The board of directors of the Company (the "Board") has unanimously (i) determined that the Offer, the Merger, Merger Agreement and the other transactions contemplated by the Merger Agreement are advisable and in the best interests of the stockholders of the Company, (ii) approved and declared advisable the Merger Agreement and the transactions contemplated by the Merger Agreement and (iii) resolved, subject to the terms and conditions of the Merger Agreement, to recommend acceptance of the Offer by the stockholders of the Company.

The Merger Agreement contains customary representations and warranties by Parent, Merger Sub, and the Company. The Merger Agreement also contains customary covenants, including a covenant of the Company not to initiate, solicit or knowingly encourage any inquiries or submission of any alternative acquisition proposal, or to furnish information to, or participate in any discussions or negotiations with, any third party with respect to any such proposal, subject to customary exceptions for the Company to respond to unsolicited proposals to the extent the Board determines in good faith that an unsolicited proposal constitutes, or would reasonably be expected to result in, a Superior Company Proposal (as defined in the Merger Agreement) and the Company satisfies other requirements contained in the Merger Agreement.

--------------------------------------------------------------------------------

The Merger Agreement contains customary termination provisions, including the right of the Company in certain circumstances and upon satisfaction of certain conditions to terminate the Merger Agreement and accept a Superior Company Proposal (as defined in the Merger Agreement). Upon the termination of the Merger Agreement under specified circumstances, including if the Company terminates the Merger Agreement to accept a Superior Company Proposal, the Company will be required to pay Parent a termination fee of $108.7 million.
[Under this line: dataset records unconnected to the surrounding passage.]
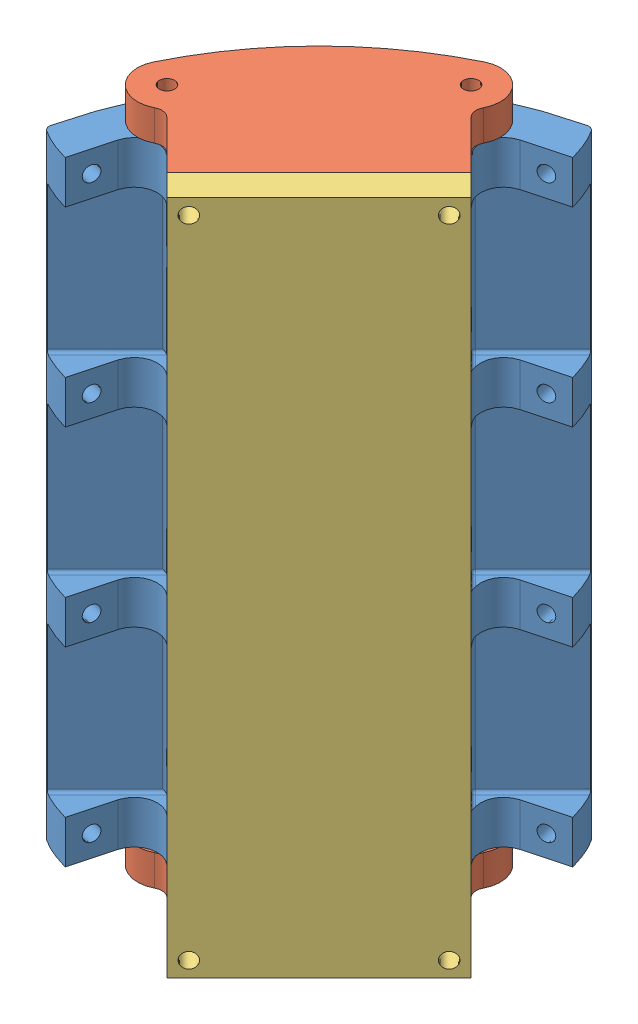
SolidWorks assembly 10008-R06_LOWER_AVIONICS_BAY, configuration Default. Lengths in mm.
Overall size (125.47 279.4 125.47).
4 component instances, 3 part files, 7 mates.
Components (placement in the parent):
- 14026-R05_LOWER_AVIONICS_MIDSECTION-1: 14026-R05_LOWER_AVIONICS_MIDSECTION [Default] at (40.0242 -108.7505 97.193) size (119.48 254 119.48)
- 14029-R04_LOWER_AVIONICS_END-1: 14029-R04_LOWER_AVIONICS_END [Default] at (18.7495 145.2495 -0.4118) x (0.999999 0 -0.001042) z (0.001042 0 0.999999) size (106.49 12.7 106.42)
- 14029-R04_LOWER_AVIONICS_END-2: 14029-R04_LOWER_AVIONICS_END [Default] at (-57.5806 -108.7505 75.9182) x (-0.001042 0 0.999999) z (0.999999 0 0.001042) size (106.49 12.7 106.42)
- 14030-R03_LOWER_AVIONICS_LID-1: 14030-R03_LOWER_AVIONICS_LID [Default] at (-20.1935 18.2495 36.9753) x (0.707107 0 -0.707107) z (0 -1 0) size (88.83 12.7 279.4)
Mates (geometry in assembly coordinates):
- Coincident1: coincident: circle of 14026-R05_LOWER_AVIONICS_MIDSECTION-1; circle of 14029-R04_LOWER_AVIONICS_END-1
- Coincident2: coincident: circle of 14026-R05_LOWER_AVIONICS_MIDSECTION-1; circle of 14029-R04_LOWER_AVIONICS_END-1
- Coincident4: coincident: circle of 14026-R05_LOWER_AVIONICS_MIDSECTION-1; circle of 14029-R04_LOWER_AVIONICS_END-2
- Coincident5: coincident: circle of 14026-R05_LOWER_AVIONICS_MIDSECTION-1; circle of 14029-R04_LOWER_AVIONICS_END-2
- Coincident17: coincident: plane of 14029-R04_LOWER_AVIONICS_END-1 through (11.2117 157.9495 5.5701) normal (0.707107 0 0.707107); plane of 14030-R03_LOWER_AVIONICS_LID-1 through (-20.1935 18.2495 36.9753) normal (-0.707107 0 -0.707107)
- Concentric1: concentric: cylinder of 14029-R04_LOWER_AVIONICS_END-1 through (-2.2586 151.5995 1.08) axis (0.707107 0 0.707107) radius 3.175; cylinder of 14030-R03_LOWER_AVIONICS_LID-1 through (6.7216 151.5995 10.0602) axis (0.707107 0 0.707107) radius 3.175
- Concentric2: concentric: cylinder of 14029-R04_LOWER_AVIONICS_END-2 through (-56.0888 -115.1005 54.9101) axis (0.707107 0 0.707107) radius 3.175; cylinder of 14030-R03_LOWER_AVIONICS_LID-1 through (-47.1085 -115.1005 63.8904) axis (0.707107 0 0.707107) radius 3.175
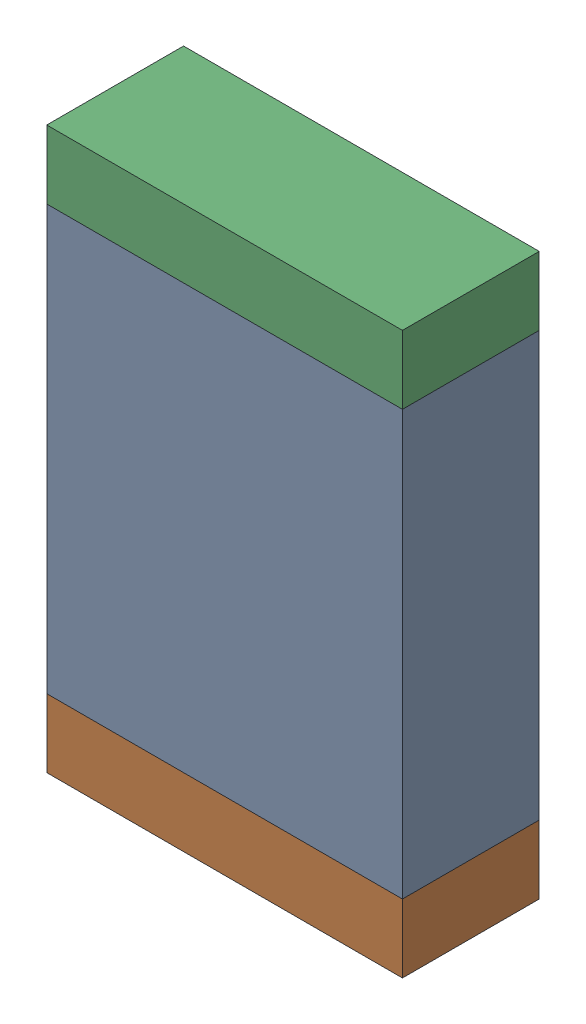
SolidWorks assembly C101, configuration Default. Lengths in mm.
Overall size (1.3 2.05 0.5).
6 component instances, 2 part files, 0 mates.
Components (placement in the parent):
- 836753008-1: 836753008 [Default] at (106.75 71.725 0) size (1.3 1.55 0.5)
  - Extruded_23-1: Extruded_23 [Default] at origin size (1.3 1.55 0.5)
- 836753264-1: 836753264 [Default] at (106.75 70.825 0) size (1.3 0.25 0.5)
  - Extruded_22-1: Extruded_22 [Default] at origin size (1.3 0.25 0.5)
- 836753264-2: 836753264 [Default] at (106.75 72.625 0) size (1.3 0.25 0.5)
  - Extruded_22-1: Extruded_22 [Default] at origin size (1.3 0.25 0.5)

A copy of the Merger Agreement is attached hereto as Exhibit 2.1 and is incorporated herein by reference. The foregoing description of the Merger Agreement is qualified in its entirety by reference to the full text of the Merger Agreement. The Merger Agreement has been attached to provide investors with information regarding its terms. It is not intended to provide any other factual information about the Company, Merger Sub, or Parent. In particular, the assertions embodied in the representations and warranties contained in the Merger Agreement were made only for purposes of the Merger Agreement and as of specific dates, were solely for the benefit of the parties to the Merger Agreement and are qualified by information in confidential disclosures provided by the parties thereto in connection with the signing of the Merger Agreement. These disclosures include information that modifies, qualifies, and creates exceptions to the representations, warranties, and covenants set forth in the Merger Agreement. Moreover, certain representations and warranties in the Merger Agreement were used for the purpose of allocating risk between the Company, Merger Sub, and Parent, rather than establishing matters of fact and may be subject to standards of materiality applicable to the contracting parties that differ from those applicable to investors. Accordingly, the representations, warranties and covenants in the Merger Agreement may not constitute the actual state of facts about the Company, Merger Sub, or Parent and investors should not rely on such representations, warranties and covenants as actual facts. Moreover, information concerning the subject matter of the representations, warranties and covenants may change after the date of the Merger Agreement, which subsequent information may or may not be fully reflected in public disclosures by the parties.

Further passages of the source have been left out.